# A different kind of Make and Take - Socialween



## Johan (Oct 15, 2008)

A discussion started on Facebook with several of my fellow Halloween fiends about a different kind of make and take. 

There seems to be two different basic types of haunters out there.

1) Yard/House Haunters - main goal is to entertain the TOTs. Everything builds up to scaring and sharing with your local supply of costumed youngins

2) Party Throwers - main goal is to have a costume ball to entertain friends with a secondary goal of providing cool decor for the TOT's​What I have found has been that most groups deal with the home haunt side of prop building. While the gatherings are a social event, the theme is usually not around hosting a party per se. 

What if once a month a group met to do builds that leaned more towards the entertaining side of hosting a Halloween party rather than strictly focused on prop building? Not to talk disparagingly about prop building because I thoroughly enjoy that side of Halloween but I think there could be an additional group to "build" upon the social side. Even if you fall into category one, such an event would allow you the pleasure of socializing with people of a similar ilk in a setting based upon our favorite holiday. 

We would meet later in the afternoon/evening over cocktails and experiment with food, beverage, parlor games, musical playlists and the like. Perhaps your skill is baking and you could teach the group a creative dish to pass or you may have a list of themed drinks to pour for the clan. 

If the group became of a large enough size, meet ups could have companies showcase their wares or services. Disc Jockeys, caterers, bartending services, invitation makers, photographers just to name a few. Either to share their skills or to showcase their business for hire.

I am debating forming such a group to meet on the 2nd Saturday of the month in Orange County, CA. Let me know if this interests you and/or if you have some ideas that will help build upon this concept.


----------



## BadTableManor (Sep 8, 2007)

I've said it before and I'll say it again, Bloody Brilliant. If you decide to host it at alternate homes, my haunted garage is available for a turn or few. 
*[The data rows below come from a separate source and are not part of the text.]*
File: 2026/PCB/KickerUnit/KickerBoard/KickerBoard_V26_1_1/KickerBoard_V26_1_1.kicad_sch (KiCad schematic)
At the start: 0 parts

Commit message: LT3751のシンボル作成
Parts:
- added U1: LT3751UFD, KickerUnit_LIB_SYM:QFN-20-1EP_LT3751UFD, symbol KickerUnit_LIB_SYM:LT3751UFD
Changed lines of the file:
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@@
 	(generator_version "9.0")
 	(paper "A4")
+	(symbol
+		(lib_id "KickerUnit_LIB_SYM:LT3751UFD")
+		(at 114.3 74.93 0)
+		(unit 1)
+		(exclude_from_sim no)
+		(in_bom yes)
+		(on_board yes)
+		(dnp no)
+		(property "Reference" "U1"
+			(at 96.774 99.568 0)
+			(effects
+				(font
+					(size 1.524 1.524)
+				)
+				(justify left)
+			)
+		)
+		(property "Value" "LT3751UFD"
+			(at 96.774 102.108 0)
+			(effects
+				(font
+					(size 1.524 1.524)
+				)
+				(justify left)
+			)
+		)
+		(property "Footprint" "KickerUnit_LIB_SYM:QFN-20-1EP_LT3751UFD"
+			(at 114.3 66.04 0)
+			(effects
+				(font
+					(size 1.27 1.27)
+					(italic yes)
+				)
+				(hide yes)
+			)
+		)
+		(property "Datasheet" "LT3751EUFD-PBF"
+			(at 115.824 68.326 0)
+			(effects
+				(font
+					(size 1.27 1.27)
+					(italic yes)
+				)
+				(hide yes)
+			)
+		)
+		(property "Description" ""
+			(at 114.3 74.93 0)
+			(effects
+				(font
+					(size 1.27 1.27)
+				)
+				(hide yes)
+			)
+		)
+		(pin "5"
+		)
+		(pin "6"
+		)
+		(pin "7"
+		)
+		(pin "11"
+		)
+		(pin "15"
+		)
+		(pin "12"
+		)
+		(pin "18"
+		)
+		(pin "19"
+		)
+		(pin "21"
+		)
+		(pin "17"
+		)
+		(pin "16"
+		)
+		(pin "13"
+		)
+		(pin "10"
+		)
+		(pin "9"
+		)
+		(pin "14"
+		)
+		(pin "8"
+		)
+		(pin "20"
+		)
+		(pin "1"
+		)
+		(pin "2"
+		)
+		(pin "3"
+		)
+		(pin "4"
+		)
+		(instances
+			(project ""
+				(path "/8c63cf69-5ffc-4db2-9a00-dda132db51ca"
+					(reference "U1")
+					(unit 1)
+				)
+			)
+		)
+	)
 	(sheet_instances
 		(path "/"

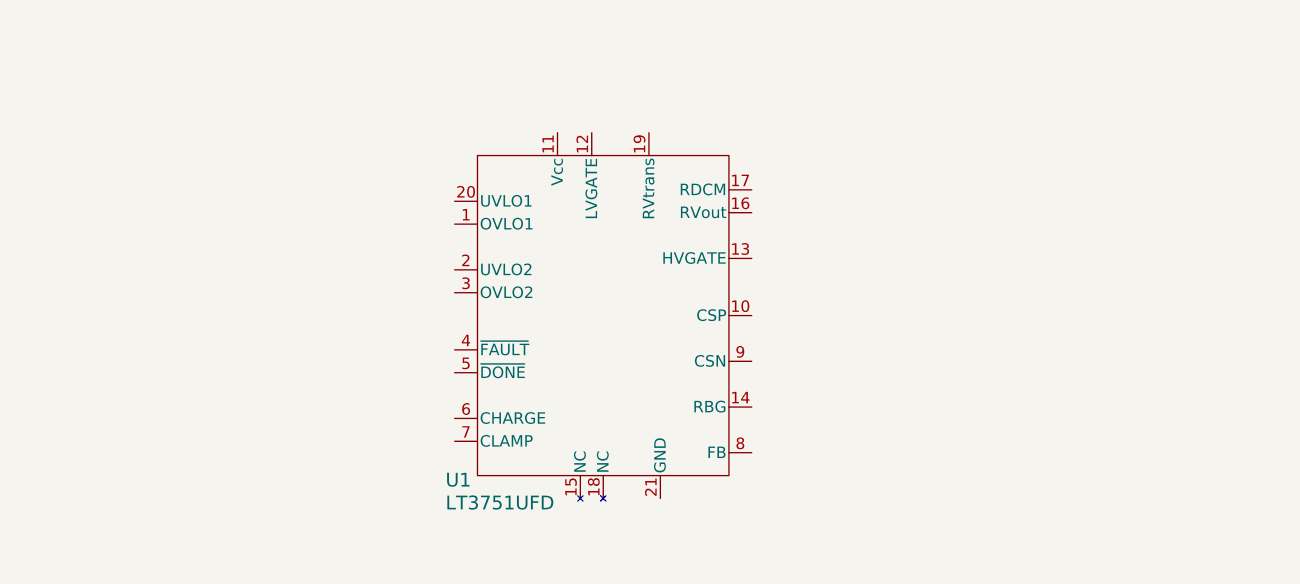
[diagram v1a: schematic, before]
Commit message: 昇圧素子の選定完了
ライブラリの追加
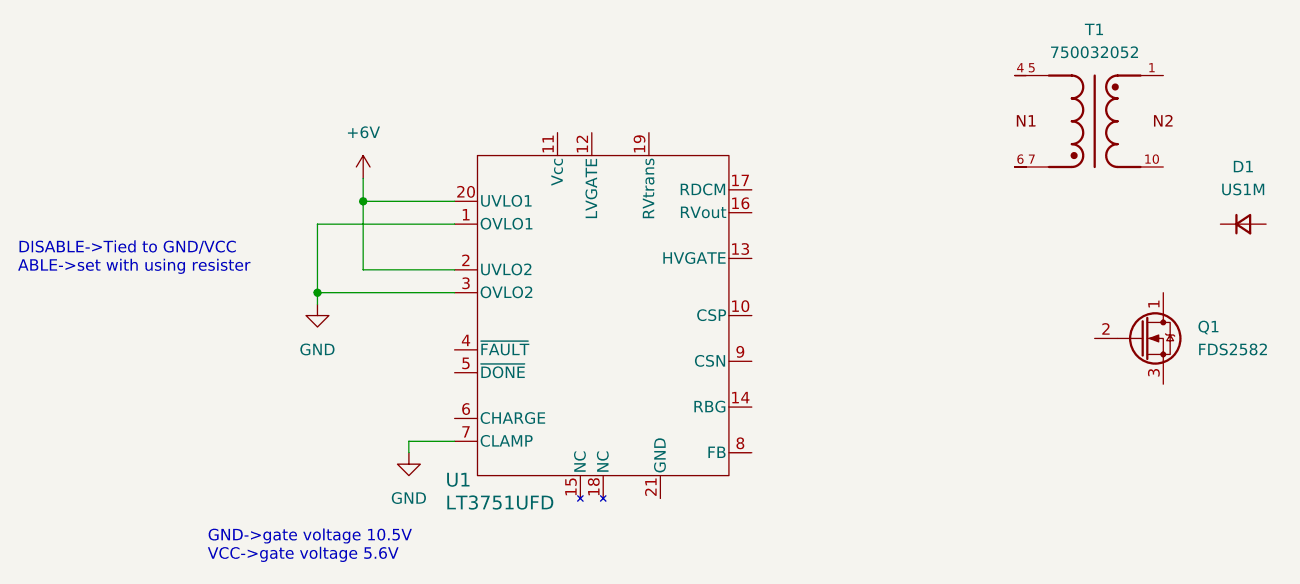
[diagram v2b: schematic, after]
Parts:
- added D1: US1M, Diode_SMD:D_SMA, symbol Device:D_Small
- added Q1: FDS2582, KickerUnit_LIB_SYM:FDS2582(SOIC8), symbol Transistor_FET_Other:Q_NMOS_Depletion_DGS
- added T1: 750032052, KickerUnit_LIB_SYM:WE-FB3751, symbol KickerUnit_LIB_SYM:750032052
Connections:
- net GND: now reaches U1.1 (OVLO1)
- net GND: now also U1.3 (OVLO2), U1.7 (CLAMP)
- net +6V: now reaches U1.2 (UVLO2)
- net +6V: now also U1.20 (UVLO1)
- new net: T1.4, T1.5
- new net: T1.6, T1.7
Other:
- note added: "DISABLE->Tied to GND/VCC ABLE->set with using resister"
- note added: "GND->gate voltage 10.5V VCC->gate voltage 5.6V"

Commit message: LT3751まわりの設計完了
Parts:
- added C1: 10nF/25V, symbol Device:C_Small
- added C10, C11, C3, C4: 10uF/50V, symbol Device:C_Small
- added C2: 10uF/25V, Resistor_SMD:R_0805_2012Metric_Pad1.20x1.40mm_HandSolder, symbol Device:C_Small
- added C5, C6: 1uF/50V, Resistor_SMD:R_0805_2012Metric_Pad1.20x1.40mm_HandSolder, symbol Device:C_Small
- added C8, C9: 100uF/50V, symbol Device:C_Polarized_Small
- added R1, R2: 100k, symbol Device:R_Small
- added R3: 1.3k, symbol Device:R_Small
- added R4: 18.2k, symbol Device:R_Small
- added R5, R6: 40.2k, symbol Device:R_Small
- added R7: 12m, Resistor_SMD:R_0805_2012Metric_Pad1.20x1.40mm_HandSolder, symbol Device:R_Small
- added R8: 274k, symbol Device:R_Small
- added R9: 1.13k, symbol Device:R_Small
- added TP1: Vds, symbol Connector:TestPoint
- added TP2: Vdd, symbol Connector:TestPoint
- added TP3: Vsec, symbol Connector:TestPoint
- added TP4: Vout, symbol Connector:TestPoint
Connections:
- net +6V: now also U1.11 (Vcc), C2.1, C5.1
- net GND: now also T1.10, U1.21 (GND), U1.9 (CSN), C1.2, C10.2, C11.2, C2.2, C3.2, C4.2, C5.2, C6.2, C8.2, C9.2, R3.2, R7.2, R9.2
- net at U1.10 (CSP): now also Q1.3 (S), R7.1
- net at U1.12 (LVGATE): now also Q1.2 (G), U1.13 (HVGATE)
- net at U1.14 (RBG): now also R3.1
- net at U1.16 (RVout): now also R5.2
- net at U1.17 (RDCM): now also R4.2
- net at U1.19 (RVtrans): now also R6.2
- net ~{nFault}: now reaches U1.4 (~{FAULT})
- net ~{nFault}: now also R1.1
- net ~{DONE}: now reaches U1.5 (~{DONE})
- net ~{DONE}: now also R2.1
- net CHARGE: now reaches U1.6 (CHARGE)
- net at U1.8 (FB): now also C1.1, R8.2, R9.1
- net at D1.1 (K): now also T1.1, TP3.1
- net Vout: now reaches D1.2 (A)
- net Vout: now also R8.1, TP4.1
- net at Q1.1 (D): now also T1.6, T1.7, R4.1, R5.1, TP1.1
- net VDD: now reaches T1.4, T1.5
- net VDD: now also C10.1, C11.1, C3.1, C4.1, C6.1, C8.1, C9.1, R6.1, TP2.1
- new net +3.3V: R1.2, R2.2
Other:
- note added: "302V"
- note added: "Ipk:9A(8.83A) Psense:0.19W"
- note added: "Vattely Voltage:24V (MAX 25V)"
- note added: "Vds:55.2V Iave:2.7A"
- note added: "Vrrm:552V Iave:0.5A"
- note removed: "GND->gate voltage 10.5V VCC->gate voltage 5.6V"
- moved on the sheet: D1, Q1, T1, U1

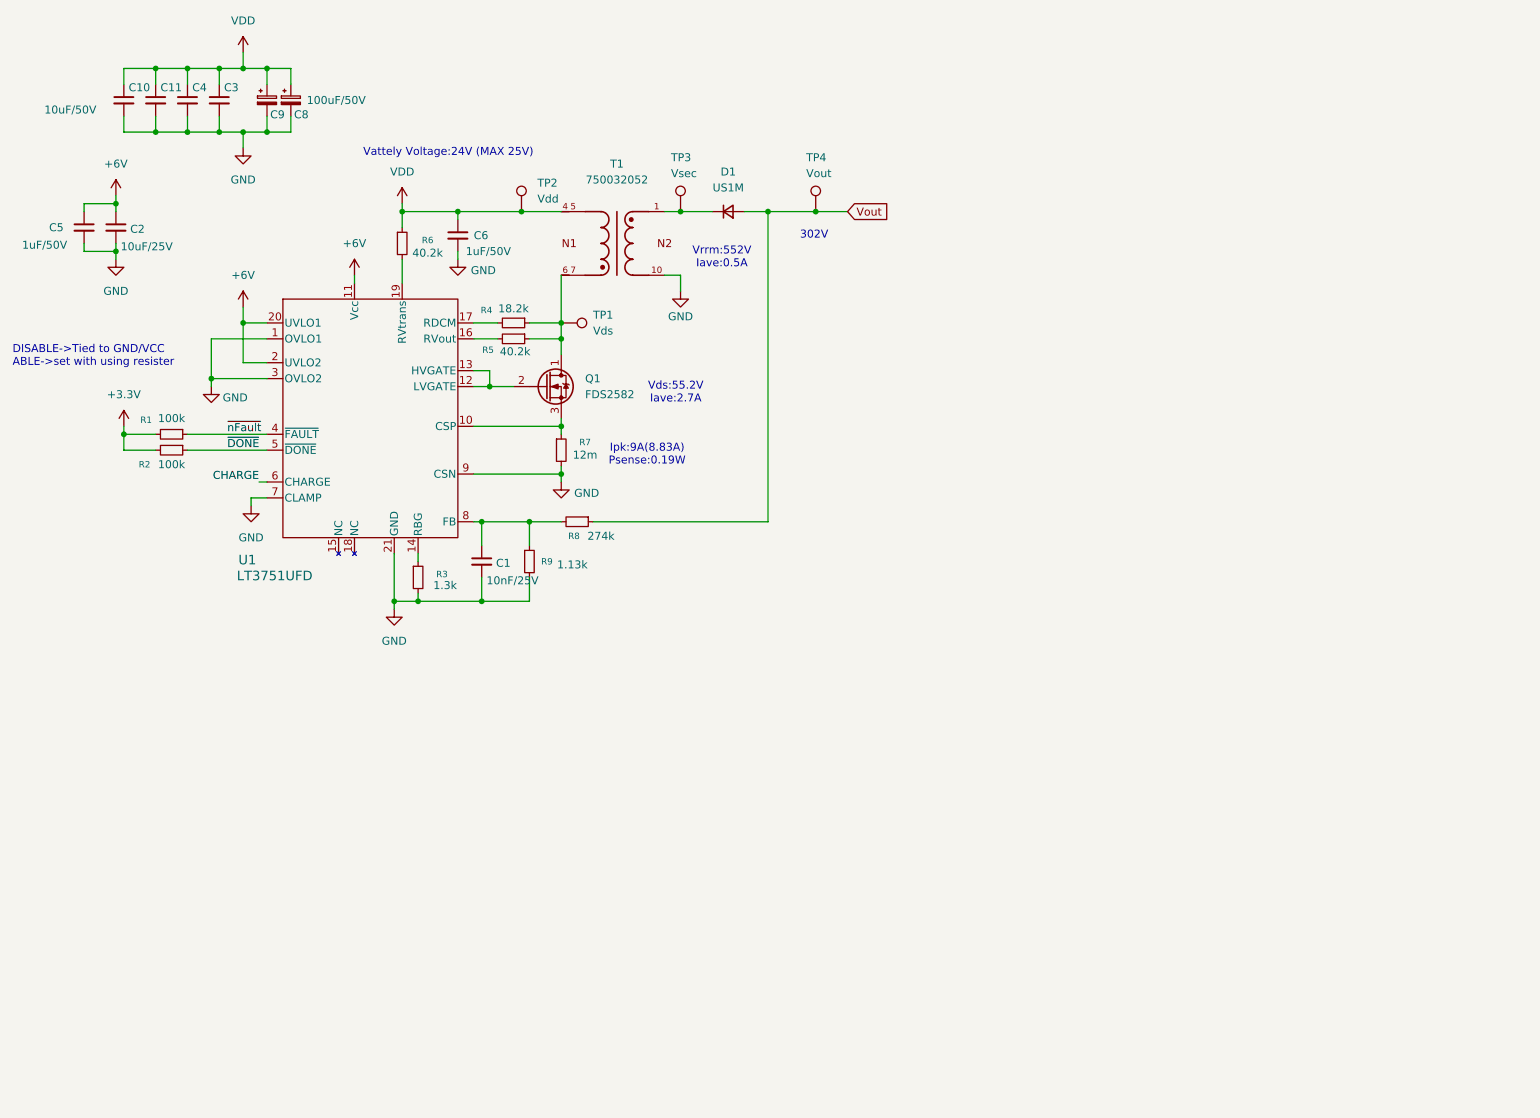
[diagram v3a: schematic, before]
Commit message: BoostCircuit.kicad_schの追加
階層シートに追加
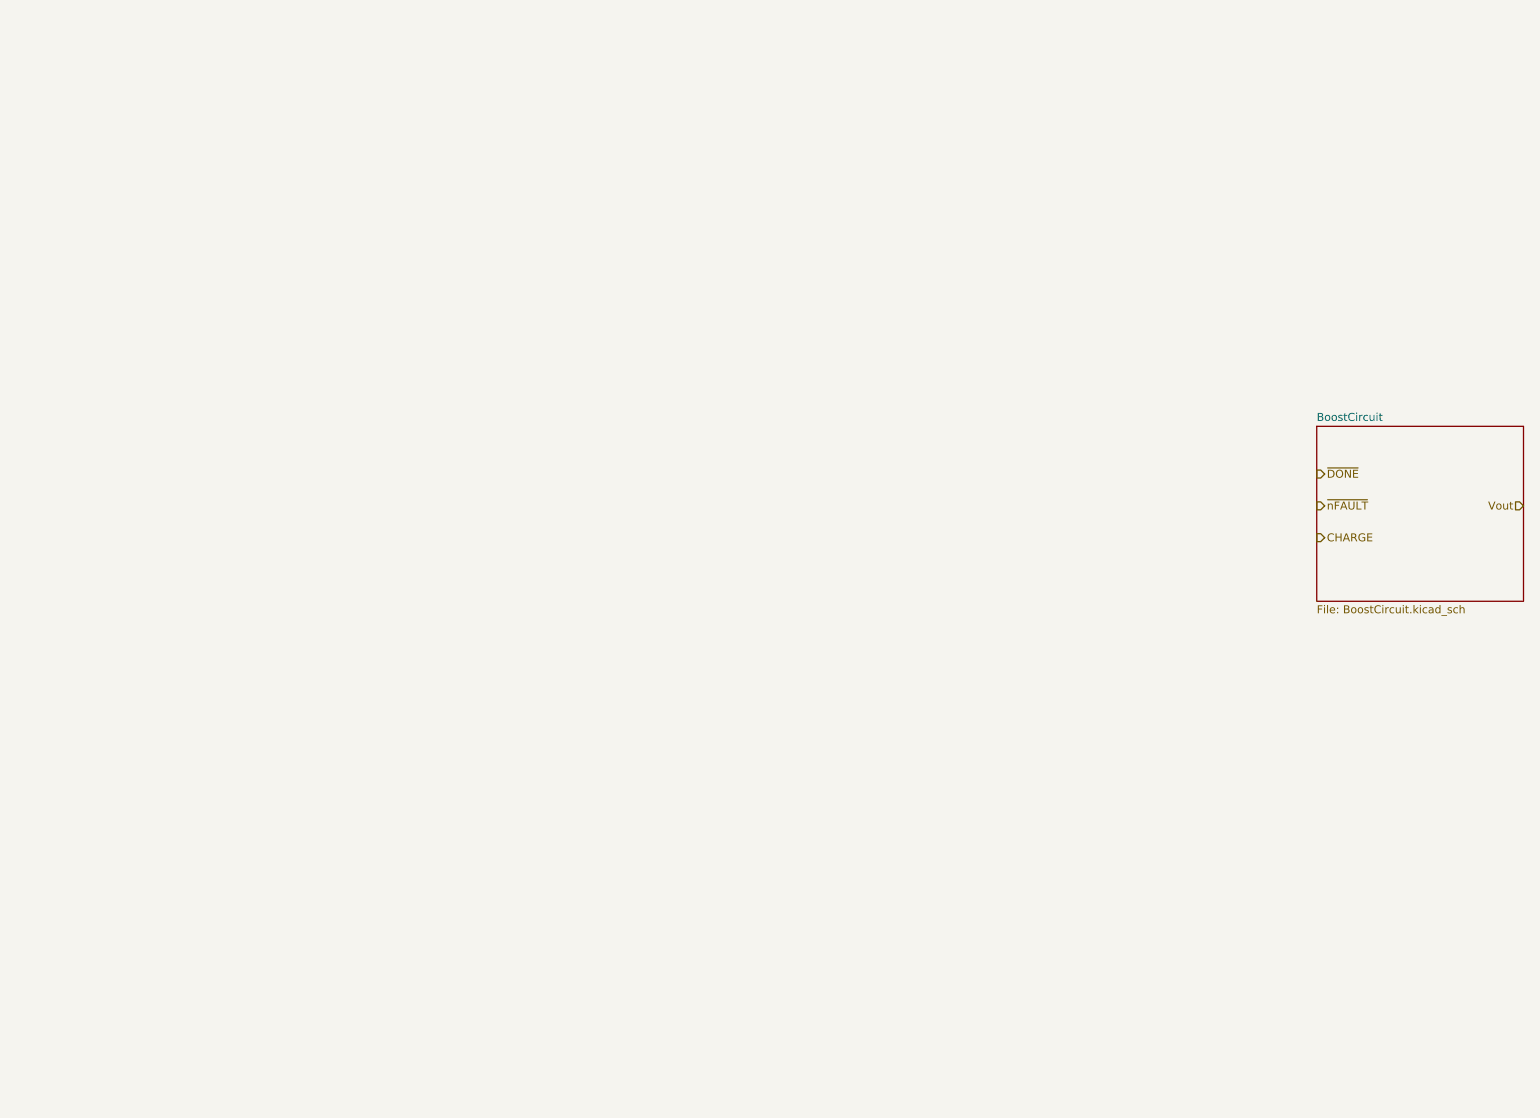
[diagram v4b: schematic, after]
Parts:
- removed C1: 10nF/25V, symbol Device:C_Small
- removed C10, C11, C3, C4: 10uF/50V, symbol Device:C_Small
- removed C2: 10uF/25V, Resistor_SMD:R_0805_2012Metric_Pad1.20x1.40mm_HandSolder, symbol Device:C_Small
- removed C5, C6: 1uF/50V, Resistor_SMD:R_0805_2012Metric_Pad1.20x1.40mm_HandSolder, symbol Device:C_Small
- removed C8, C9: 100uF/50V, symbol Device:C_Polarized_Small
- removed D1: US1M, Diode_SMD:D_SMA, symbol Device:D_Small
- removed Q1: FDS2582, KickerUnit_LIB_SYM:FDS2582(SOIC8), symbol Transistor_FET_Other:Q_NMOS_Depletion_DGS
- removed R1, R2: 100k, symbol Device:R_Small
- removed R3: 1.3k, symbol Device:R_Small
- removed R4: 18.2k, symbol Device:R_Small
- removed R5, R6: 40.2k, symbol Device:R_Small
- removed R7: 12m, Resistor_SMD:R_0805_2012Metric_Pad1.20x1.40mm_HandSolder, symbol Device:R_Small
- removed R8: 274k, symbol Device:R_Small
- removed R9: 1.13k, symbol Device:R_Small
- removed T1: 750032052, KickerUnit_LIB_SYM:WE-FB3751, symbol KickerUnit_LIB_SYM:750032052
- removed TP1: Vds, symbol Connector:TestPoint
- removed TP2: Vdd, symbol Connector:TestPoint
- removed TP3: Vsec, symbol Connector:TestPoint
- removed TP4: Vout, symbol Connector:TestPoint
- removed U1: LT3751UFD, KickerUnit_LIB_SYM:QFN-20-1EP_LT3751UFD, symbol KickerUnit_LIB_SYM:LT3751UFD
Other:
- added sheet BoostCircuit (BoostCircuit.kicad_sch)
- note removed: "302V"
- note removed: "DISABLE->Tied to GND/VCC ABLE->set with using resister"
- note removed: "Ipk:9A(8.83A) Psense:0.19W"
- note removed: "Vattely Voltage:24V (MAX 25V)"
- note removed: "Vds:55.2V Iave:2.7A"
- note removed: "Vrrm:552V Iave:0.5A"

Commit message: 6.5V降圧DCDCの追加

I've got a ton of food/drink recipes I'd love to share with my fellow OC haunters. (Brain hemorrhage jello shots, anyone?)

I'm especially excited about the musical playlists. And the beverages. And the parlor games. 

Thank you again, Johan and Julie!


----------



## chop shop (Oct 31, 2010)

BadTableManor said:


> I've said it before and I'll say it again, Bloody Brilliant.


Yess!!...Can I borrow that phrase?


----------



## Frankie's Girl (Aug 27, 2007)

I'd love to attend as I have quite a few things that I made specifically for indoor/party decor (bloody globe lamps and shower curtains, mausoleum fronts for blocking doorways or bar passthrus, moving eyes portrait, scary bathroom setups, aging labels and interesting bottle contents for mad scientist/witch kitchen) but someone has to pay for my plane ticket. 


Great idea!


----------



## BadTableManor (Sep 8, 2007)

chop shop said:


> Yess!!...Can I borrow that phrase?


Abso-bloody-lutely!


----------



## Spookilicious mama (Feb 27, 2008)

*But what about us poor lil haunters in south Florida *


----------



## Mandathewitch (May 19, 2009)

I'd have to say Yes, even though I'm in San Diego. I've always done a rotating theme for my parties each year, and am familiar with all the yummy drinks, and decor. I am very fond of Cocktails. =) I am however a little worried about these Parlor games you speak of! The only game I usually play at a party is "don't get so drunk you fall down"... And I must say I won 3 years in a row - barely the last year tho! hehe.


----------



## HallowSusieBoo (Aug 11, 2009)

*Our dungeon is your dungeon!*

*Of course - you have to come to the Cincinnati area...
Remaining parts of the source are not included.